Stored items:

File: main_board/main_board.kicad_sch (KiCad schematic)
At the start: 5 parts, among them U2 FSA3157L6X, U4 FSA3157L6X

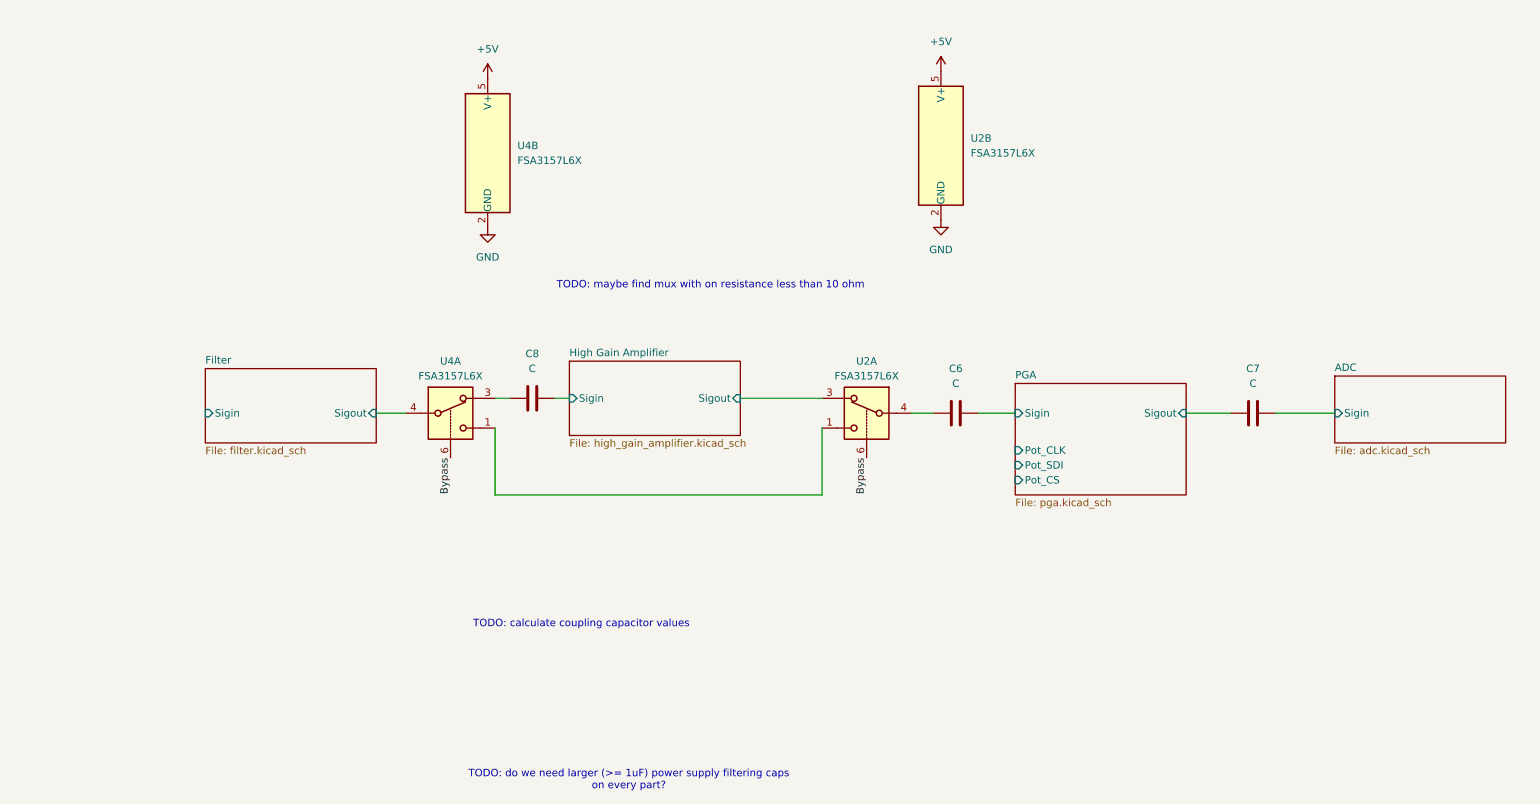
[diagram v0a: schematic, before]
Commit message: switch out mux for non-obsolete part
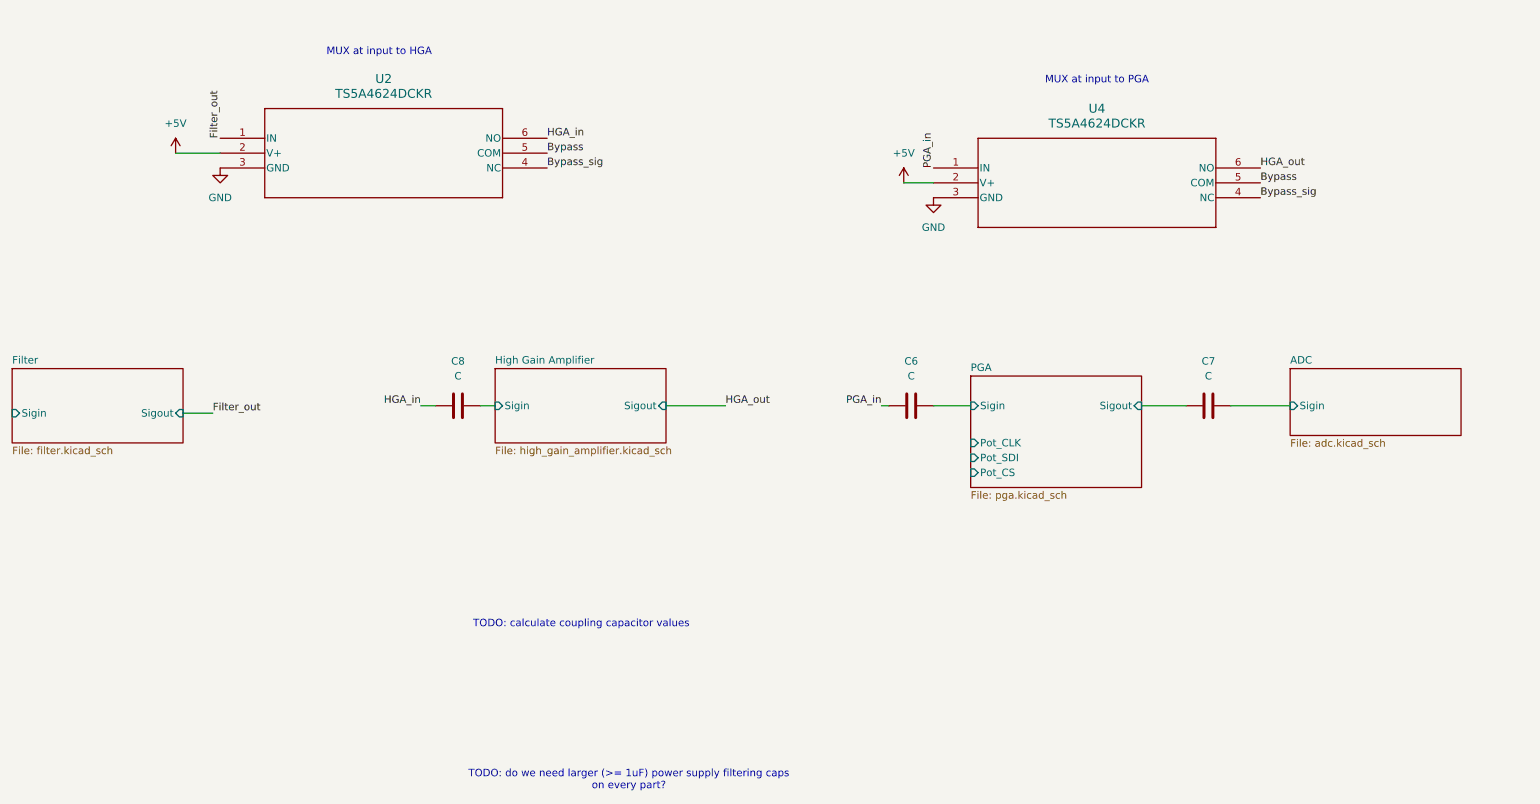
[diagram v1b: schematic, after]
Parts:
- removed U2, U4: FSA3157L6X, Package_SON:Fairchild_MicroPak-6_1.0x1.45mm_P0.5mm, symbol Analog_Switch:FSA3157L6X
- added U2, U4: TS5A4624DCKR, DCK6, symbol Mux:TS5A4624DCKR
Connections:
- net +5V: now also U2.2 (V+), U4.2 (V+)
- net Bypass: now also U2.5 (COM), U4.5 (COM)
- net GND: now also U2.3 (GND), U4.3 (GND)
- net PGA_in: now reaches C6.1
- net PGA_in: now also U4.1 (IN)
- net HGA_in: now reaches C8.1
- net HGA_in: now also U2.6 (NO)
- new net Bypass_sig: U2.4 (NC), U4.4 (NC)
- new net Filter_out: U2.1 (IN)
- new net HGA_out: U4.6 (NO)
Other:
- note added: "MUX at input to HGA"
- note added: "MUX at input to PGA"
- note removed: "TODO: maybe find mux with on resistance less than 10 ohm"
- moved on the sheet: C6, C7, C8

• **EXERCISE DESCRIPTION**: From the entries above, write out every line without a single change, skipping the images.

• **EXERCISE OUTPUT**:
File: main_board/main_board.kicad_sch (KiCad schematic)
At the start: 5 parts, among them U2 FSA3157L6X, U4 FSA3157L6X

[diagram v0a: schematic, before]
Commit message: switch out mux for non-obsolete part
[diagram v1b: schematic, after]
Parts:
- removed U2, U4: FSA3157L6X, Package_SON:Fairchild_MicroPak-6_1.0x1.45mm_P0.5mm, symbol Analog_Switch:FSA3157L6X
- added U2, U4: TS5A4624DCKR, DCK6, symbol Mux:TS5A4624DCKR
Connections:
- net +5V: now also U2.2 (V+), U4.2 (V+)
- net Bypass: now also U2.5 (COM), U4.5 (COM)
- net GND: now also U2.3 (GND), U4.3 (GND)
- net PGA_in: now reaches C6.1
- net PGA_in: now also U4.1 (IN)
- net HGA_in: now reaches C8.1
- net HGA_in: now also U2.6 (NO)
- new net Bypass_sig: U2.4 (NC), U4.4 (NC)
- new net Filter_out: U2.1 (IN)
- new net HGA_out: U4.6 (NO)
Other:
- note added: "MUX at input to HGA"
- note added: "MUX at input to PGA"
- note removed: "TODO: maybe find mux with on resistance less than 10 ohm"
- moved on the sheet: C6, C7, C8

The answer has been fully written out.